My "Outdated View" of the Semantic Web

I’ve gotten hammered in the comments on my post about freebase for suggesting that the semantic web was only about controlled ontologies.

James Hendler, the primary author of the OWL FAQ wrote:

I’m glad you’re beginning to grok what the Semantic Web is about, but I must take issue with your claim that “unlike the W3C approach to the semantic web, which starts with controlled ontologies, Metaweb adopts a folksonomy approach, in which people can add new categories (much like tags), in a messy sprawl of potentially overlapping assertions.”

If you look at what I’ve been writing since 2001 (in the Semantic Web article in Scientific American, coauthored w/Tim Berners-Lee and Ora Lassila) through my recent posts on the “Dark side of the Semantic Web” – I, and many others, have not been arguing for controlled ontologies – rather, we designed the Semantic Web technologies, and especially OWL, to encourage linking and reuse. We do believe there will be some carefully controlled ontologies in high value areas (such as the Cancer ontology which the national cancer institute maintains) but that much use would be by extension and linking to these….

With due respect, I think you, and even more egregiously Clay Shirky, have been misrepresenting what the Semantic Web is, and critiquing based on that misunderstanding, not on the reality.


Stefano Mazzocchi, whom I know through his work on Apache, wrote to me in email rather than in the comments (but gave me permission to republish here):

I read your blog post about Freebase with interest but I think you have an outdated understanding of the ideas around the semantic web and the current state of the art around it.

In my day job I work for the SIMILE project at MIT and we follow the an “emergent structure” approach in every aspect of our design.

Tools like Piggy Bank or Exhibit are based on RDF and the core design decisions of the semantic web, but they are completely (and explicitly so!) ontology agnostic.

Our wiki is powered by Semantic Mediawiki, a mediawiki plugin that allows us to deliver all sort of additional value to our web pages in form of RDD statements (with which we can create ‘meta’ pages that are a “view” of queries against the wiki-as-a-database (look at the wikitext of that page to understand what I’m talking about). [Note from Tim: you have to login to do so.
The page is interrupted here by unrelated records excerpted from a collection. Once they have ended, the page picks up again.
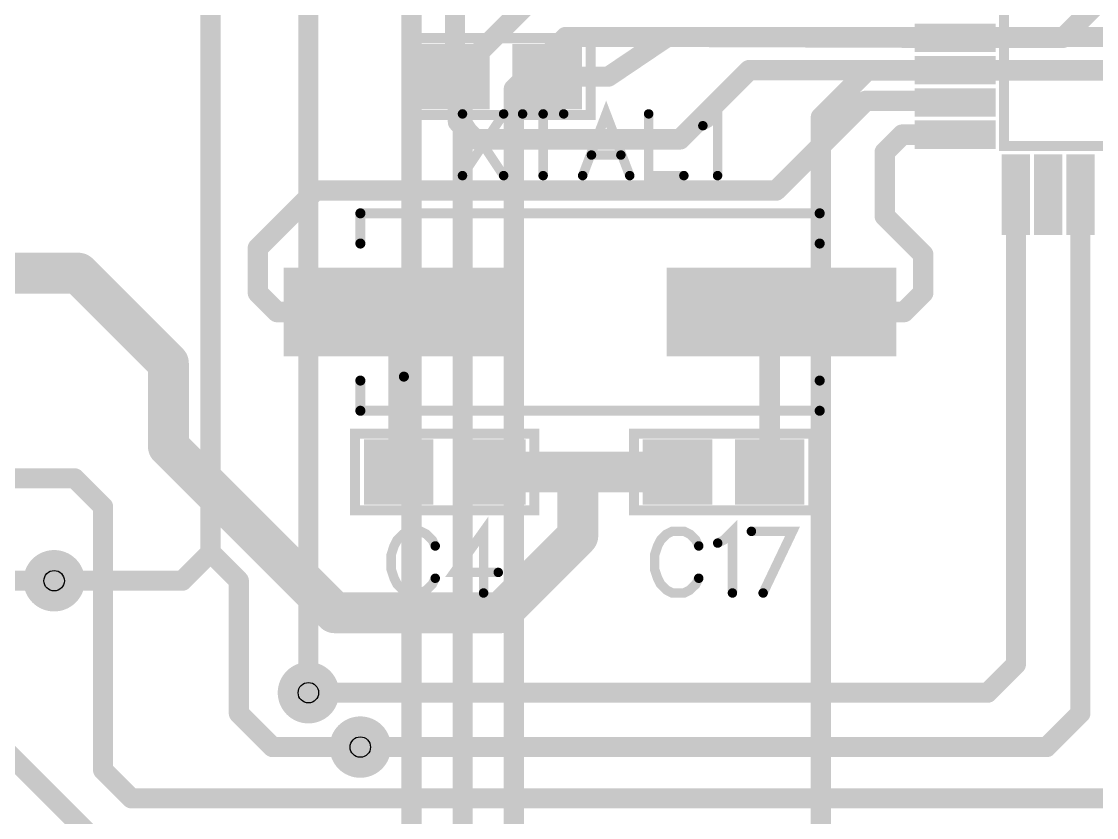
# Model space of a CAD drawing. Extents: x -88 to 103, y -135 to 135.
# Drawn here: x 13.34 to 40.02, y 19.21 to 38.96 of the extents above; entities that cross this region are included whole.
import ezdxf

# ---------------------------------------------------------------- set-up
doc = ezdxf.new("R2010")
doc.units = 0
for name, color, linetype in [('Bottom', 6, 'CONTINUOUS'), ('Drill_Bottom', 8, 'CONTINUOUS'), ('Drill_Top', 7, 'CONTINUOUS'), ('Top', 5, 'CONTINUOUS'), ('Top_Mask', 3, 'CONTINUOUS'), ('Top_Paste', 4, 'CONTINUOUS'), ('Top_Silk', 2, 'CONTINUOUS')]:
    doc.layers.add(name, color=color, linetype=linetype)

msp = doc.modelspace()

# ---------------------------------------------------------------- linework, layer by layer
at = {"layer": 'Bottom', "linetype": 'CONTINUOUS', "const_width": 0.5}
for points in [[(20.4635, 22.3063), (20.4635, 67.0189)], [(23.022, 52.4282), (23.022, 5.6598)], [(18.0335, 25.788), (18.0335, 51.2132)], [(26.0373, 39.5328), (24.2908, 37.7864)], [(26.85, 38.5802), (25.562, 37.2922)], [(41.9139, 38.5802), (26.85, 38.5802)], [(24.2908, 37.7864), (24.2908, 17.4642)], [(34.3364, 37.7436), (33.182, 36.5892)], [(40.4873, 37.7436), (34.3364, 37.7436)], [(25.562, 37.2922), (25.562, 5.6597)], [(33.182, 36.5892), (33.182, 5.905)], [(17.3305, 25.085), (18.0335, 25.788)], [(18.7365, 25.085), (18.0335, 25.788)], [(14.1516, 25.085), (17.3305, 25.085)], [(18.7365, 21.7943), (18.7365, 25.085)], [(19.5737, 20.9571), (18.7365, 21.7943)], [(12.3899, 21.4268), (19.6866, 14.1301)], [(21.7506, 20.9571), (19.5737, 20.9571)]]:
    msp.add_lwpolyline(points, dxfattribs=at)
at = {"layer": 'Bottom', "linetype": 'CONTINUOUS'}
for points, const_width in [([(26.725, 38.5802, 1), (26.975, 38.5802, 1), (26.725, 38.5802, 1)], 0.25), ([(26.725, 38.5802, 1), (26.975, 38.5802, 1), (26.725, 38.5802, 1)], 0.25), ([(24.1658, 37.7864, 1), (24.4158, 37.7864, 1), (24.1658, 37.7864, 1)], 0.25), ([(24.1658, 37.7864, 1), (24.4158, 37.7864, 1), (24.1658, 37.7864, 1)], 0.25), ([(34.2114, 37.7436, 1), (34.4614, 37.7436, 1), (34.2114, 37.7436, 1)], 0.25), ([(34.2114, 37.7436, 1), (34.4614, 37.7436, 1), (34.2114, 37.7436, 1)], 0.25), ([(25.437, 37.2922, 1), (25.687, 37.2922, 1), (25.437, 37.2922, 1)], 0.25), ([(25.437, 37.2922, 1), (25.687, 37.2922, 1), (25.437, 37.2922, 1)], 0.25), ([(33.057, 36.5892, 1), (33.307, 36.5892, 1), (33.057, 36.5892, 1)], 0.25), ([(33.057, 36.5892, 1), (33.307, 36.5892, 1), (33.057, 36.5892, 1)], 0.25), ([(17.9085, 25.788, 1), (18.1585, 25.788, 1), (17.9085, 25.788, 1)], 0.25), ([(17.9085, 25.788, 1), (18.1585, 25.788, 1), (17.9085, 25.788, 1)], 0.25), ([(17.9085, 25.788, 1), (18.1585, 25.788, 1), (17.9085, 25.788, 1)], 0.25), ([(14.5326, 25.085, 1), (13.7706, 25.085, 1), (14.5326, 25.085, 1)], 0.762), ([(14.0266, 25.085, 1), (14.2766, 25.085, 1), (14.0266, 25.085, 1)], 0.25), ([(17.2055, 25.085, 1), (17.4555, 25.085, 1), (17.2055, 25.085, 1)], 0.25), ([(17.2055, 25.085, 1), (17.4555, 25.085, 1), (17.2055, 25.085, 1)], 0.25), ([(18.6115, 25.085, 1), (18.8615, 25.085, 1), (18.6115, 25.085, 1)], 0.25), ([(18.6115, 25.085, 1), (18.8615, 25.085, 1), (18.6115, 25.085, 1)], 0.25), ([(20.8445, 22.3063, 1), (20.0825, 22.3063, 1), (20.8445, 22.3063, 1)], 0.762), ([(20.3385, 22.3063, 1), (20.5885, 22.3063, 1), (20.3385, 22.3063, 1)], 0.25), ([(18.6115, 21.7943, 1), (18.8615, 21.7943, 1), (18.6115, 21.7943, 1)], 0.25), ([(18.6115, 21.7943, 1), (18.8615, 21.7943, 1), (18.6115, 21.7943, 1)], 0.25), ([(22.1316, 20.9571, 1), (21.3696, 20.9571, 1), (22.1316, 20.9571, 1)], 0.762), ([(19.4487, 20.9571, 1), (19.6987, 20.9571, 1), (19.4487, 20.9571, 1)], 0.25), ([(19.4487, 20.9571, 1), (19.6987, 20.9571, 1), (19.4487, 20.9571, 1)], 0.25), ([(21.6256, 20.9571, 1), (21.8756, 20.9571, 1), (21.6256, 20.9571, 1)], 0.25)]:
    msp.add_lwpolyline(points, format="xyb", dxfattribs=dict(at, const_width=const_width))
at = {"layer": 'Drill_Bottom'}
for centre in [(14.1516, 25.085), (20.4635, 22.3063), (21.7506, 20.9571)]:
    msp.add_circle(centre, 0.254, dxfattribs=at)
at = {"layer": 'Drill_Top'}
for centre in [(14.1516, 25.085), (20.4635, 22.3063), (21.7506, 20.9571)]:
    msp.add_circle(centre, 0.254, dxfattribs=at)
at = {"layer": 'Top', "linetype": 'CONTINUOUS'}
for points, const_width in [([(24.1004, 37.596), (24.1004, 41.1205)], 0.5), ([(39.1902, 38.5555), (40.0062, 39.3715)], 0.5), ([(27.9108, 37.596), (29.3714, 38.5802)], 0.5), ([(29.3714, 38.5802), (36.5159, 38.5555)], 0.5), ([(36.5159, 38.5555), (39.1902, 38.5555)], 0.5), ([(24.1004, 37.596), (24.1774, 37.8575)], 0.508), ([(24.1774, 37.8575), (24.1774, 36.4709)], 0.508), ([(29.6889, 36.0399), (31.4045, 37.7555)], 0.508), ([(31.4045, 37.7555), (36.5159, 37.7555)], 0.508), ([(36.5159, 37.7555), (40.6746, 37.7555)], 0.508), ([(26.3864, 37.596), (27.9108, 37.596)], 0.5), ([(32.0704, 34.7698), (34.2931, 36.9925)], 0.508), ([(34.2931, 36.9925), (36.5529, 36.9925)], 0.508), ([(36.5529, 36.9925), (36.5159, 36.9555)], 0.508), ([(24.1774, 36.4709), (24.6084, 36.0399)], 0.508), ([(24.6084, 36.0399), (29.6889, 36.0399)], 0.508), ([(35.2026, 36.1555), (34.7694, 35.7224)], 0.508), ([(36.5159, 36.1555), (35.2026, 36.1555)], 0.508), ([(34.7694, 35.7224), (34.7694, 34.1347)], 0.508), ([(19.2103, 33.3409), (20.6392, 34.7698)], 0.508), ([(20.6392, 34.7698), (32.0704, 34.7698)], 0.508), ([(38.0239, 23.0093), (38.0239, 34.6635)], 0.5), ([(39.6239, 21.7943), (39.6239, 34.6635)], 0.5), ([(34.7694, 34.1347), (35.722, 33.1821)], 0.508), ([(19.2103, 32.2295), (19.2103, 33.3409)], 0.508), ([(35.722, 33.1821), (35.722, 32.2295)], 0.508), ([(3.8098, 32.717), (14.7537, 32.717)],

Semantic Mediawiki does NOT regulate your use of ontologies, you can just add some special wikitext to your data and it will generate RDF statements for you, then you can further augment that data to add ontologies on top.

I agree with you that most of the past research and development around the semantic web has been polluted with ontologies and rigid formalisms, but this is NOT inherent in the semantic web model. [It] is just a way to use it. TimBL’s own thoughts about ontologies in the semantic web clearly indicate that he does not believe in an ontologically-heavy use of the semantic web as a way to bootstrap it.

Also, you might want to take a look at dbpedia.

These comments are certainly an eye-opener. The simile projects are really cool — before this, I’d only looked at timeline. I’m still not completely convinced that my ideas about the semantic web are wrong, but I’ll certainly accept Stefano’s assertion that they are “outdated.” The view I’m castigated for does seem to be a big part of the semantic web’s history and culture. Even Jim’s “dark side” post (linked to above) refers to this:

[this is] the side of the Semantic Web that is looking at how do you use a small amount of Sem Web (think Foaf or Skos) to add a bit of organizational knowledge (and to webize with URIs) to tagging sites, microformats, and etc. It is the realization that the REST approach to the world is a wonderful way to use RDF and it is enpowered by the emerging standards of SPARQL, GRDDL, RDF/A and the like. In short, it is the Semantic Web vision of Tim’s, before Ora and I polluted it with all this ontology stuff, coming real!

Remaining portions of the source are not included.